I have two inequalities:
$x^2 + y^2 + z^2 \le 8$ and $z \ge \sqrt{x^2+y^2}$
These make up a body $K$ in 3D space. I would like to represent this body $K$ using spherical coordinates, but I'm unsure on how to do it.
Basically I want it on the form:
$x = r\sin(\theta)\cos(\phi)$
$y = r\sin(\theta)\sin(\phi)$
$z = r\cos(\theta)$
And determine how $r$, $\theta$ and $\phi$ change.
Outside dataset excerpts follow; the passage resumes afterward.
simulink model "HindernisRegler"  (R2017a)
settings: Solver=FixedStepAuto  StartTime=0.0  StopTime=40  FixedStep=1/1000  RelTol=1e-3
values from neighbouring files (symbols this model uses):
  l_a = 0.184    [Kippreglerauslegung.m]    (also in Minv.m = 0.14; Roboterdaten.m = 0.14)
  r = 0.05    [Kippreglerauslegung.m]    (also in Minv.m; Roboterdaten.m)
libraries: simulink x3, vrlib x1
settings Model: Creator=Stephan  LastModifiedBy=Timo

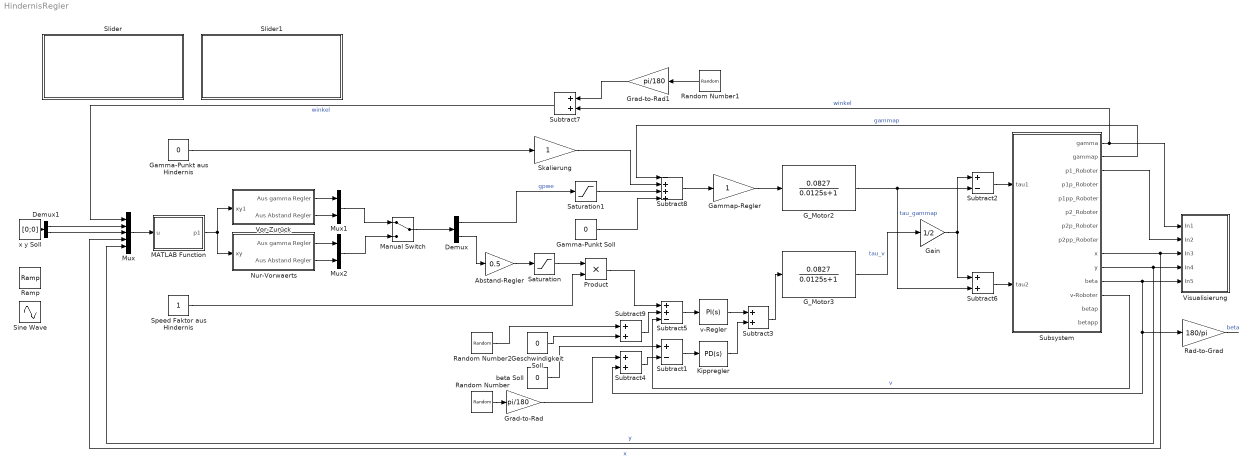
== system HindernisRegler ==
  "Abstand-Regler " : Gain  Gain=0.5
  Demux : Demux  Outputs=2
  Demux1 : Demux  Outputs=2
  G_Motor2 : TransferFcn  Numerator=0.0827  Denominator=[0.0125 1]
  G_Motor3 : TransferFcn  Numerator=0.0827  Denominator=[0.0125 1]
  Gain : Gain  Gain=1/2
  Gamma-Punkt Soll : Constant  Value=0
  Gamma-Punkt aus Hindernis : Constant  Value=0
  Gammap-Regler : Gain
  Geschwindigkeit Soll : Constant  Value=0
  Grad-to-Rad : Gain  Gain=pi/180
  Grad-to-Rad1 : Gain  Gain=pi/180
  Kippregler : simulink/Continuous/PID Controller  Controller=PD  TimeDomain=Continuous-time  SampleTime=-1  IntegratorMethod=Forward Euler  FilterMethod=Forward Euler  Form=Parallel  UseFilter=on  ControllerParametersSource=internal  P=-60  I=0  D=-4.27  N=1000  InitialConditionSource=internal  InitialConditionForIntegrator=0  InitialConditionForFilter=0  ExternalReset=none  LimitOutput=off  UpperSaturationLimit=inf  LowerSaturationLimit=-inf  LinearizeAsGain=on  AntiWindupMode=none  Kb=1  TrackingMode=off  Kt=1  PParamMin=[]  PParamMax=[]  IParamMin=[]  IParamMax=[]  DParamMin=[]  DParamMax=[]  NParamMin=[]  NParamMax=[]  KbParamMin=[]  KbParamMax=[]  KtParamMin=[]  KtParamMax=[]  POutMin=[]  POutMax=[]  IOutMin=[]  IOutMax=[]  DOutMin=[]  DOutMax=[]  NOutMin=[]  NOutMax=[]  KbOutMin=[]  KbOutMax=[]  KtOutMin=[]  KtOutMax=[]  IntegratorOutMin=[]  IntegratorOutMax=[]  FilterOutMin=[]  FilterOutMax=[]  SumOutMin=[]  SumOutMax=[]  SumI1OutMin=[]  SumI1OutMax=[]  SumI2OutMin=[]  SumI2OutMax=[]  SumI3OutMin=[]  SumI3OutMax=[]  SumDOutMin=[]  SumDOutMax=[]  SaturationOutMin=[]  SaturationOutMax=[]  IntegratorContinuousStateAttributes=''  IntegratorStateMustResolveToSignalObject=off  IntegratorRTWStateStorageClass=Auto  FilterContinuousStateAttributes=''  FilterStateMustResolveToSignalObject=off  FilterRTWStateStorageClass=Auto  DifferentiatorICPrevScaledInput=0  DifferentiatorOutMin=[]  DifferentiatorOutMax=[]  InitialConditionSetting=State (most efficient)
  MATLAB Function : MATLAB Function  TreatAsAtomicUnit=on
  Manual Switch : ManualSwitch
  Mux : Mux  Inputs=5
  Mux1 : Mux  Inputs=2
  Mux2 : Mux  Inputs=2
  Nur-Vorwaerts : Subsystem
  Product : Product
  Rad-to-Grad : Gain  Gain=180/pi
  Ramp : simulink/Sources/Ramp  slope=0.2  start=0  X0=0
  Random Number : RandomNumber  Mean=0.5  SampleTime=0.01
  Random Number1 : RandomNumber  Variance=2  SampleTime=0.01
  Random Number2 : RandomNumber  Variance=0.001  SampleTime=0.01
  Saturation : Saturate
  Saturation1 : Saturate  UpperLimit=3  LowerLimit=-3
  Sine Wave : Sin  SampleTime=0
  Skalierung : Gain
  Slider : Subsystem  DialogController=hmiCreateDDGDialog  IsWebBlock=on  mask(MWDashboardBlock){webBlockId=772f47d9-01a1-4a0e-b5ee-e24562c78f27, webBlockType=slider, ShowInLibBrowser=on, ShowInitialText=on, HMISrcModelName=HindernisRegler}
      mask prompts: webBlockId "WebBlock Id"; webBlockType "WebBlock Type"; HMISrcModelName "Source Model"
      mask help: SimulinkHMI:dialogs:SliderDialogDesc
      mask Help: helpview([docroot '/mapfiles/simulink.map'], 'hmi_slider')
      mask Display:
      | if strcmp(get_param(bdroot(gcb),'BlockDiagramType'), 'library')
      |     image([(matlabroot) '/toolbox/simulink/hmi/icons/Slider.png']);
      | end
  Slider1 : Subsystem  DialogController=hmiCreateDDGDialog  IsWebBlock=on  mask(MWDashboardBlock){webBlockId=0b4e93f3-1b2a-484e-ac47-cdbb2b4f16cb, webBlockType=slider, ShowInLibBrowser=on, ShowInitialText=on, HMISrcModelName=HindernisRegler}
      mask prompts: webBlockId "WebBlock Id"; webBlockType "WebBlock Type"; HMISrcModelName "Source Model"
      mask help: SimulinkHMI:dialogs:SliderDialogDesc
      mask Help: helpview([docroot '/mapfiles/simulink.map'], 'hmi_slider')
      mask Display:
      | if strcmp(get_param(bdroot(gcb),'BlockDiagramType'), 'library')
      |     image([(matlabroot) '/toolbox/simulink/hmi/icons/Slider.png']);
      | end
  Speed Faktor aus Hindernis : Constant
  Subsystem : Subsystem
  Subtract1 : Sum  Inputs=+-
  Subtract2 : Sum  Inputs=+-
  Subtract{3..4,6..7,9} (5 alike) : Sum
  Subtract5 : Sum  Inputs=++-
  Subtract8 : Sum  Inputs=-+++
  Visualisierung : Subsystem
  Vor-Zurück : Subsystem
  beta Soll : Constant  Value=0
  v-Regler : simulink/Continuous/PID Controller  Controller=PI  TimeDomain=Continuous-time  SampleTime=-1  IntegratorMethod=Forward Euler  FilterMethod=Forward Euler  Form=Parallel  UseFilter=on  ControllerParametersSource=internal  P=-4.5  I=-1.69  D=0.003  N=1000  InitialConditionSource=internal  InitialConditionForIntegrator=0  InitialConditionForFilter=0  ExternalReset=none  LimitOutput=off  UpperSaturationLimit=inf  LowerSaturationLimit=-inf  LinearizeAsGain=on  AntiWindupMode=none  Kb=1  TrackingMode=off  Kt=1  PParamMin=[]  PParamMax=[]  IParamMin=[]  IParamMax=[]  DParamMin=[]  DParamMax=[]  NParamMin=[]  NParamMax=[]  KbParamMin=[]  KbParamMax=[]  KtParamMin=[]  KtParamMax=[]  POutMin=[]  POutMax=[]  IOutMin=[]  IOutMax=[]  DOutMin=[]  DOutMax=[]  NOutMin=[]  NOutMax=[]  KbOutMin=[]  KbOutMax=[]  KtOutMin=[]  KtOutMax=[]  IntegratorOutMin=[]  IntegratorOutMax=[]  FilterOutMin=[]  FilterOutMax=[]  SumOutMin=[]  SumOutMax=[]  SumI1OutMin=[]  SumI1OutMax=[]  SumI2OutMin=[]  SumI2OutMax=[]  SumI3OutMin=[]  SumI3OutMax=[]  SumDOutMin=[]  SumDOutMax=[]  SaturationOutMin=[]  SaturationOutMax=[]  IntegratorContinuousStateAttributes=''  IntegratorStateMustResolveToSignalObject=off  IntegratorRTWStateStorageClass=Auto  FilterContinuousStateAttributes=''  FilterStateMustResolveToSignalObject=off  FilterRTWStateStorageClass=Auto  DifferentiatorICPrevScaledInput=0  DifferentiatorOutMin=[]  DifferentiatorOutMax=[]  InitialConditionSetting=State (most efficient)
  x y Soll : Constant  Value=[0;0]
  wires:
  Subsystem/11(beta) -> Subtract4/2, Rad-to-Grad/1, Visualisierung/5(In5)
  Gammap-Regler/1 -> G_Motor2/1
  Subsystem/2(gammap) -> Subtract8/1  "gammap"
  Gamma-Punkt Soll/1 -> Subtract8/4
  Gain/1 -> Subtract6/1, Subtract2/1
  G_Motor3/1 -> Gain/1  "tau_v"
  Subtract6/1 -> Subsystem/2(tau2)
  G_Motor2/1 -> Subtract2/2, Subtract6/2  "tau_gammap"
  Subtract2/1 -> Subsystem/1(tau1)
  Subtract1/1 -> Kippregler/1
  beta Soll/1 -> Subtract1/1
  Subtract8/1 -> Gammap-Regler/1
  Subsystem/12(v-Roboter) -> Subtract5/3  "v"
  Subsystem/3(p1_Roboter) -> Visualisierung/2(In2)
  Subtract5/1 -> v-Regler/1
  Subtract3/1 -> G_Motor3/1
  Kippregler/1 -> Subtract3/2
  Rad-to-Grad/1 -> ?  "beta"
  Random Number/1 -> Grad-to-Rad/1
  Subtract4/1 -> Subtract1/2
  Grad-to-Rad/1 -> Subtract4/1
  v-Regler/1 -> Subtract3/1
  Subtract9/1 -> Subtract5/2
  Subtract7/1 -> Mux/1  "winkel"
  Subsystem/10(y) -> Mux/5, Visualisierung/4(In4)  "y"
  Subsystem/9(x) -> Mux/4, Visualisierung/3(In3)  "x"
  x y Soll/1 -> Demux1/1
  "Abstand-Regler "/1 -> Saturation/1
  Mux/1 -> MATLAB Function/1(u)
  MATLAB Function/1(p1) -> Vor-Zurück/1(xy1), Nur-Vorwaerts/1(xy)
  Saturation/1 -> Product/1
  Demux/1 -> Saturation1/1  "gpwe"
  Demux/2 -> "Abstand-Regler "/1
  Manual Switch/1 -> Demux/1
  Mux2/1 -> Manual Switch/2
  Nur-Vorwaerts/2(Aus Abstand Regler) -> Mux2/2
  Nur-Vorwaerts/1(Aus gamma Regler) -> Mux2/1
  Vor-Zurück/2(Aus Abstand Regler) -> Mux1/2
  Vor-Zurück/1(Aus gamma Regler) -> Mux1/1
  Mux1/1 -> Manual Switch/1
  Saturation1/1 -> Subtract8/3
  Random Number1/1 -> Grad-to-Rad1/1
  Subsystem/1(gamma) -> Subtract7/2, Visualisierung/1(In1)  "winkel"
  Grad-to-Rad1/1 -> Subtract7/1
  Geschwindigkeit Soll/1 -> Subtract9/2
  Random Number2/1 -> Subtract9/1
  Demux1/2 -> Mux/3
  Demux1/1 -> Mux/2
  Gamma-Punkt aus Hindernis/1 -> Skalierung/1
  Skalierung/1 -> Subtract8/2
  Product/1 -> Subtract5/1
  Speed Faktor aus Hindernis/1 -> Product/2

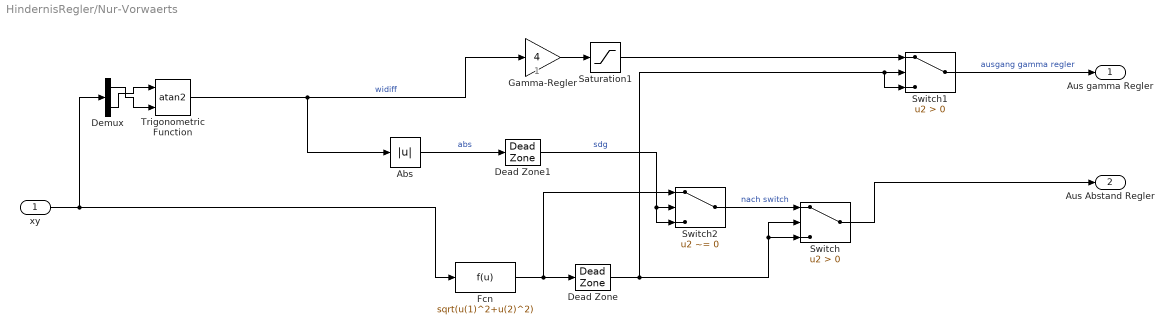
== system HindernisRegler/Nur-Vorwaerts ==
  note: 1
  xy : Inport
  Abs : Abs
  Dead Zone : DeadZone  LowerValue=-0.05  UpperValue=0.05  SaturateOnIntegerOverflow=on
  Dead Zone1 : DeadZone  LowerValue=2.96  UpperValue=2*pi
  Demux : Demux  Outputs=2
  Fcn : Fcn  Expr=sqrt(u(1)^2+u(2)^2)
  Gamma-Regler : Gain  Gain=4
  Saturation1 : Saturate  UpperLimit=3  LowerLimit=-3
  Switch : Switch  Criteria=u2 > Threshold
  Switch1 : Switch  Criteria=u2 > Threshold
  Switch2 : Switch  Criteria=u2 ~= 0
  Trigonometric Function : Trigonometry  Operator=atan2
  Aus gamma Regler : Outport
  Aus Abstand Regler : Outport  Port=2
  wires:
  Abs/1 -> Dead Zone1/1  "abs"
  xy/1 -> Demux/1, Fcn/1
  Dead Zone1/1 -> Switch2/3, Switch2/2  "sdg"
  Switch2/1 -> Switch/1  "nach switch"
  Saturation1/1 -> Switch1/1
  Switch1/1 -> Aus gamma Regler/1  "ausgang gamma regler"
  Gamma-Regler/1 -> Saturation1/1
  Demux/1 -> Trigonometric Function/2
  Demux/2 -> Trigonometric Function/1
  Trigonometric Function/1 -> Abs/1, Gamma-Regler/1  "widiff"
  Dead Zone/1 -> Switch1/3, Switch1/2, Switch/2, Switch/3
  Fcn/1 -> Switch2/1, Dead Zone/1
  Switch/1 -> Aus Abstand Regler/1

== system HindernisRegler/Slider ==

== system HindernisRegler/Slider1 ==

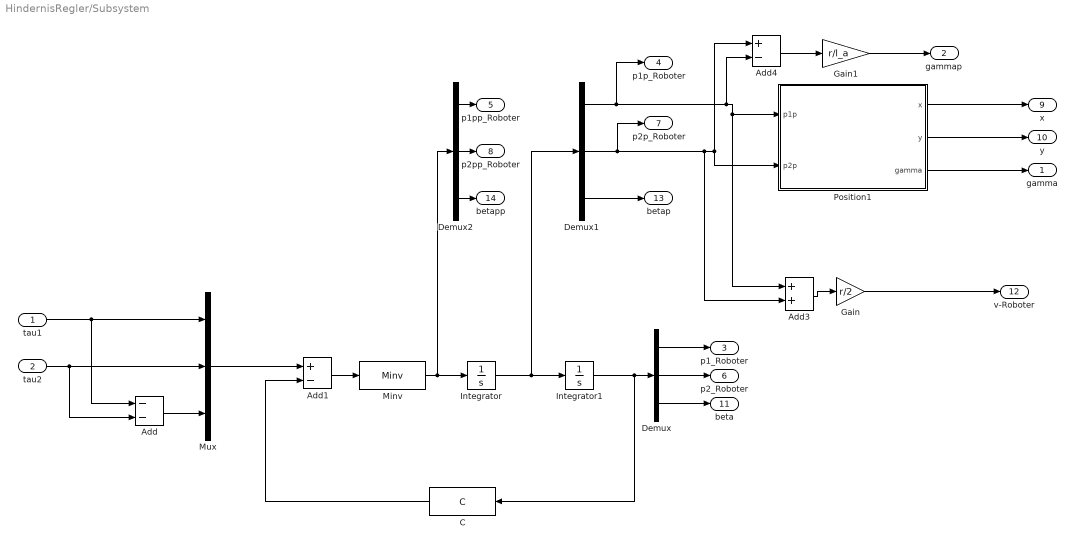
== system HindernisRegler/Subsystem ==
  tau1 : Inport
  tau2 : Inport  Port=2
  Add : Sum  Inputs=--
  Add1 : Sum  Inputs=+-
  Add3 : Sum
  Add4 : Sum  Inputs=+-
  C : MATLABFcn  MATLABFcn=C  OutputDimensions=3
  Demux : Demux  Outputs=3
  Demux1 : Demux  Outputs=3
  Demux2 : Demux  Outputs=3
  Gain : Gain  Gain=r/2
  Gain1 : Gain  Gain=r/l_a
  Integrator : Integrator
  Integrator1 : Integrator
  Minv : MATLABFcn  MATLABFcn=Minv  OutputDimensions=3
  Mux : Mux  Inputs=3
  Position1 : Subsystem
  gamma : Outport
  gammap : Outport  Port=2
  p1_Roboter : Outport  Port=3
  p1p_Roboter : Outport  Port=4
  p1pp_Roboter : Outport  Port=5
  p2_Roboter : Outport  Port=6
  p2p_Roboter : Outport  Port=7
  p2pp_Roboter : Outport  Port=8
  x : Outport  Port=9
  y : Outport  Port=10
  beta : Outport  Port=11
  v-Roboter : Outport  Port=12
  betap : Outport  Port=13
  betapp : Outport  Port=14
  wires:
  tau1/1 -> Mux/1, Add/1
  tau2/1 -> Mux/2, Add/2
  Add/1 -> Mux/3
  Mux/1 -> Add1/1
  Integrator/1 -> Demux1/1, Integrator1/1
  Add1/1 -> Minv/1
  Integrator1/1 -> C/1, Demux/1
  Demux/1 -> p1_Roboter/1
  Demux/2 -> p2_Roboter/1
  Demux/3 -> beta/1
  Demux1/3 -> betap/1
  Demux1/2 -> p2p_Roboter/1, Add4/1, Position1/2(p2p), Add3/2
  Demux1/1 -> p1p_Roboter/1, Add4/2, Position1/1(p1p), Add3/1
  C/1 -> Add1/2
  Demux2/2 -> p2pp_Roboter/1
  Demux2/1 -> p1pp_Roboter/1
  Demux2/3 -> betapp/1
  Minv/1 -> Demux2/1, Integrator/1
  Add3/1 -> Gain/1
  Add4/1 -> Gain1/1
  Gain1/1 -> gammap/1
  Gain/1 -> v-Roboter/1
  Position1/1(x) -> x/1
  Position1/2(y) -> y/1
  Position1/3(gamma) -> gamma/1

I can set the inequalities to equal eachother, and get the projection that they make on the $xy$ plane, which is $x^2+y^2 \le4$ but I'm not sure if that is useful for this problem.
Since $x^2+y^2+z^2=r^2$, the first inequality translates into $0\le r\le\sqrt8$.
For the second one observe that $x^2+y^2=r^2\sin^2\theta$, so that the inequality becomes $r\cos\theta\ge r\sin\theta$, or equivalently $\tan\theta\le1$, that is $0\le\theta\le\pi/4$.
The solid is a cone with vertex at the origin and aperture $\pi/4$.
Note: the usual notation has $\theta$ and $\phi$ interchanged.